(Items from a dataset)
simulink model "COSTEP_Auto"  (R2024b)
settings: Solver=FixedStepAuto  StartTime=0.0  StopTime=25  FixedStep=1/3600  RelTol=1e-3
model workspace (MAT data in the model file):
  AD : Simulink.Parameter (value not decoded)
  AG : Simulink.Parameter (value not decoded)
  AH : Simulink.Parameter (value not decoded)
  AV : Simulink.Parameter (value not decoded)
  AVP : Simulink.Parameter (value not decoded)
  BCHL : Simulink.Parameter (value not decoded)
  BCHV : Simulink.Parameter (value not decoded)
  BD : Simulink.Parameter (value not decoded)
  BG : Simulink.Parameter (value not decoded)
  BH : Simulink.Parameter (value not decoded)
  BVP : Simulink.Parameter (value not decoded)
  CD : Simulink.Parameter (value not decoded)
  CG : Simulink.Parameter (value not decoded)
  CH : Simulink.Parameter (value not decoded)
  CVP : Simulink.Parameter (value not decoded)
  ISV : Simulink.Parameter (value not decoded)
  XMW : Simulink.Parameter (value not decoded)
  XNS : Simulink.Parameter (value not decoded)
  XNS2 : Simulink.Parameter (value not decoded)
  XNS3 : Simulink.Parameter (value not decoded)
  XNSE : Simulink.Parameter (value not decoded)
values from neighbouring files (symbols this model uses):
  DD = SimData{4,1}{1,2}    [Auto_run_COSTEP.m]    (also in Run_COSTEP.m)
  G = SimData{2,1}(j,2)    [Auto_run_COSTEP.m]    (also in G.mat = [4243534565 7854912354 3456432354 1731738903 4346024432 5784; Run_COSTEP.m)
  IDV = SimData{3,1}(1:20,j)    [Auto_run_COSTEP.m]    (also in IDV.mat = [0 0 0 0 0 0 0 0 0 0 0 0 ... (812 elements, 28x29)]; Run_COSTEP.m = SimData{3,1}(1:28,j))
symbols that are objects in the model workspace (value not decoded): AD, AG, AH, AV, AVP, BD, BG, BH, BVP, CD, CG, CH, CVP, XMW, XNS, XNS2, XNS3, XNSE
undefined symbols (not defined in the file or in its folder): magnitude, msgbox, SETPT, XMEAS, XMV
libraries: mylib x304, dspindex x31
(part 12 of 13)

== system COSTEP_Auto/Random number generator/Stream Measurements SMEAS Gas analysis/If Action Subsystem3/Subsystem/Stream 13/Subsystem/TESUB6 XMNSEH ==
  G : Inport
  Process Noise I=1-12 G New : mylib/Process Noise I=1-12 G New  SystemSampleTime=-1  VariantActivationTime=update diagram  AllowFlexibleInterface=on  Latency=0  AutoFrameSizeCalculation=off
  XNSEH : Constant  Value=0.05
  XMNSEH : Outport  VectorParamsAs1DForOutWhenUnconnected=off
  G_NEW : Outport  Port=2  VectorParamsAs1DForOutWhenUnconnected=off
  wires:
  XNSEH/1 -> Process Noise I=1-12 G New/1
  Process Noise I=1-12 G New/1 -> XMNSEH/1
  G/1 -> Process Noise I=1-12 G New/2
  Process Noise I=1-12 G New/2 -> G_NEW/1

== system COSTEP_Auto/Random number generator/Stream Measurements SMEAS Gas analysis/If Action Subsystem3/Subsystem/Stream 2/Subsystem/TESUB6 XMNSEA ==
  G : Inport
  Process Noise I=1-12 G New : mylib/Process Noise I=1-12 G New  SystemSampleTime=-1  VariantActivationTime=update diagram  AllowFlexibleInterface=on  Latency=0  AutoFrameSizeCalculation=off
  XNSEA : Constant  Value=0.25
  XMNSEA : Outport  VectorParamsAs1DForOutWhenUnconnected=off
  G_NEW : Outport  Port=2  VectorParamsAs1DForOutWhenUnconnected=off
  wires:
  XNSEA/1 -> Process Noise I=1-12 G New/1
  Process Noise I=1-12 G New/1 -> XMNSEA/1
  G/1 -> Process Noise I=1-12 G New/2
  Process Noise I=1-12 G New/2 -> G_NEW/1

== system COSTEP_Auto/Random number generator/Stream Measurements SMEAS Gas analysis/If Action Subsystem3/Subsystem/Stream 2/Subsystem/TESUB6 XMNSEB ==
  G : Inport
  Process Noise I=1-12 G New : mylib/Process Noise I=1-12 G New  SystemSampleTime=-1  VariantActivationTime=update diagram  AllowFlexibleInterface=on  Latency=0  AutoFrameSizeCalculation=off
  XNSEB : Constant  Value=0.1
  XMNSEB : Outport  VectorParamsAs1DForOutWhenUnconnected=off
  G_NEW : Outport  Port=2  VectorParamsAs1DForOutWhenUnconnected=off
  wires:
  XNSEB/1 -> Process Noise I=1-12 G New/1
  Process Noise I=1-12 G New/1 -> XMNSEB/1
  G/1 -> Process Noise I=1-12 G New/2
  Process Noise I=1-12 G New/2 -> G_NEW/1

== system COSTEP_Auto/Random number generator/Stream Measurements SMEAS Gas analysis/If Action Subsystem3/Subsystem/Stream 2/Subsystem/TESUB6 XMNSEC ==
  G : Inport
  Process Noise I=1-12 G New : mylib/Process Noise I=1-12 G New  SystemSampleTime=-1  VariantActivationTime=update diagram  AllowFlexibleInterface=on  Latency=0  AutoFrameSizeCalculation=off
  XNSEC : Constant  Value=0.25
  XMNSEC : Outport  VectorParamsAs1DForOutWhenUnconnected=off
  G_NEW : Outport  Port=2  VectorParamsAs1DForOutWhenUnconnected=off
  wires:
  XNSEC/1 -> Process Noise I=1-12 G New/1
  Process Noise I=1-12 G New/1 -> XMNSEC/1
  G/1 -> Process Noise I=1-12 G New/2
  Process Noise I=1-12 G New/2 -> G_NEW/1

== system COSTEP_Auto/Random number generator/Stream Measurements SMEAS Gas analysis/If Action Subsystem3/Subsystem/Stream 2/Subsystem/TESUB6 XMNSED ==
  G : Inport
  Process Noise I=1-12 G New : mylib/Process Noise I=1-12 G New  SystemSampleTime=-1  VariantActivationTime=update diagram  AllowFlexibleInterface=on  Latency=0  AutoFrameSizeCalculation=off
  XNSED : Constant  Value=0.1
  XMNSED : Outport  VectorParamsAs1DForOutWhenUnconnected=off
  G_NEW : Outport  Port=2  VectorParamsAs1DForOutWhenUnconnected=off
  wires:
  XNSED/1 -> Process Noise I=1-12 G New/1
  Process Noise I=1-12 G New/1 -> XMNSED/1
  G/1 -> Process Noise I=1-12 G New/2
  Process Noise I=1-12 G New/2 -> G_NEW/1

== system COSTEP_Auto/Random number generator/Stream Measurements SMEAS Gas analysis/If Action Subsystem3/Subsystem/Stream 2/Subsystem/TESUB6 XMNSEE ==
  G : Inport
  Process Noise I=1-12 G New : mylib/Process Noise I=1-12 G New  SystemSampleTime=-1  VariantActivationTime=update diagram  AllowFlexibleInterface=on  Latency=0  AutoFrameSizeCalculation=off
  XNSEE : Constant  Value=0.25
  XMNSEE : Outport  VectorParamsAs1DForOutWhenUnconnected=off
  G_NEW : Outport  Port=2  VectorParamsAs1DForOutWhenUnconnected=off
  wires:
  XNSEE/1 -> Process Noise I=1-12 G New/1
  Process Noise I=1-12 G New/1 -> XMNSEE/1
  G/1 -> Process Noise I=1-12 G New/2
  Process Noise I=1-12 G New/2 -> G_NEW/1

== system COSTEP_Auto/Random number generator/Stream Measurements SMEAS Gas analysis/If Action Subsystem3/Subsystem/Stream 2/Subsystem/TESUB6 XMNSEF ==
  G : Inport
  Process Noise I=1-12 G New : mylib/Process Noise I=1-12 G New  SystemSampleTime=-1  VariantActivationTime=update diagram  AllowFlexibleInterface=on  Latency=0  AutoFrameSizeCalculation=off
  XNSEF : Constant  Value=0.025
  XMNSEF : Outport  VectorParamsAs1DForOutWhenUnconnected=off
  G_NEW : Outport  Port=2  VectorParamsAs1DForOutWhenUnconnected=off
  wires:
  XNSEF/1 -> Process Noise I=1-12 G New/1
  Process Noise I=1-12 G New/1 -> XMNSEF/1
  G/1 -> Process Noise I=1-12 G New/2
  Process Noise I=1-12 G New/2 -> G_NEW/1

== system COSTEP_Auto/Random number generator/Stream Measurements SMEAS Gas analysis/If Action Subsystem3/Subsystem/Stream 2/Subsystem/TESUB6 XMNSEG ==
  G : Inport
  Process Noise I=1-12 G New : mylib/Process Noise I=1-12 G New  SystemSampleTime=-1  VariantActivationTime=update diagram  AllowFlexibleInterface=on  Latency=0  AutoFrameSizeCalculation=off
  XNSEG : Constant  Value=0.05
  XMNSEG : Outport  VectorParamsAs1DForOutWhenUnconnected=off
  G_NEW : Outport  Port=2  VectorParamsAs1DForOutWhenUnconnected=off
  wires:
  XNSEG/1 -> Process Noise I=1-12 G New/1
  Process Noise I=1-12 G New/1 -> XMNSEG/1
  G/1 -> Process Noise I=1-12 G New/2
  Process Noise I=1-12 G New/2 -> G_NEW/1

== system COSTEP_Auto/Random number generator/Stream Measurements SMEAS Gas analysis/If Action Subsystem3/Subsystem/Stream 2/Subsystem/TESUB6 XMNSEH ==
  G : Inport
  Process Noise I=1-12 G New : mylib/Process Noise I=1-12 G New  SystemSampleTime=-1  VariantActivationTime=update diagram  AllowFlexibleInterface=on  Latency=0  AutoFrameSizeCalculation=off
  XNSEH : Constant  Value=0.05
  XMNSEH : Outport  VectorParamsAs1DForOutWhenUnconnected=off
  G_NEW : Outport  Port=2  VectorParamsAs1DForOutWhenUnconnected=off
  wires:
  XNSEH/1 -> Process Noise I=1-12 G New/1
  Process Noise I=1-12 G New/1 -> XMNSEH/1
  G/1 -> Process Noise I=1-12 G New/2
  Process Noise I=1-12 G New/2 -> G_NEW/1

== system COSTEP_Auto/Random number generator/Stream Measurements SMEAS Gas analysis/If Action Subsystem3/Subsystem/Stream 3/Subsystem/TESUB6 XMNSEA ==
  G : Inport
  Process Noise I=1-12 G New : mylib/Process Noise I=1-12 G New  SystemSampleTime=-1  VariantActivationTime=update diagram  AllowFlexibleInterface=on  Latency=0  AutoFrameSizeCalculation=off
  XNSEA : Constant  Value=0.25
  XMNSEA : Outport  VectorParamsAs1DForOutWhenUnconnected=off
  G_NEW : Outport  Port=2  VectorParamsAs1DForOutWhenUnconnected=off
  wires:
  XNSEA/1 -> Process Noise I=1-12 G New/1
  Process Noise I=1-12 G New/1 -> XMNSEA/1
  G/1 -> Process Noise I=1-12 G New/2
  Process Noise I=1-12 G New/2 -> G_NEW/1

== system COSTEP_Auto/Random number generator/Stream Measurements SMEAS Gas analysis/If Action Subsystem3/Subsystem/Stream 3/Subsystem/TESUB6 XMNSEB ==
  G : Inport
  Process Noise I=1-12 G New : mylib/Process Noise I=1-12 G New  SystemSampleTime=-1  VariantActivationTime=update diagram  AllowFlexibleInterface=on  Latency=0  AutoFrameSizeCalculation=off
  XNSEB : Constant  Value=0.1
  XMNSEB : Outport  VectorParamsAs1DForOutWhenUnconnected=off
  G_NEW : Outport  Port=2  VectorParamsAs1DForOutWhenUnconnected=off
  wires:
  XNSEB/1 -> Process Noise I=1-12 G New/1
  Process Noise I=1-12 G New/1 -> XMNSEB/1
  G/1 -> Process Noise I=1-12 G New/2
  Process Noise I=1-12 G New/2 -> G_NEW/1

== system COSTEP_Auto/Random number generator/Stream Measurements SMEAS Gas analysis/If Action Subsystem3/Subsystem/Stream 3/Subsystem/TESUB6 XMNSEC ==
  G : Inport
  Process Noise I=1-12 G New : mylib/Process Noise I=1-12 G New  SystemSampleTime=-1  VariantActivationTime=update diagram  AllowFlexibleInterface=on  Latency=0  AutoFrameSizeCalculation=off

**The problem:** Which lines of the data above contain the string "symbols"? Copy each of them.

**Answer to this task:**
values from neighbouring files (symbols this model uses):
symbols that are objects in the model workspace (value not decoded): AD, AG, AH, AV, AVP, BD, BG, BH, BVP, CD, CG, CH, CVP, XMW, XNS, XNS2, XNS3, XNSE
undefined symbols (not defined in the file or in its folder): magnitude, msgbox, SETPT, XMEAS, XMV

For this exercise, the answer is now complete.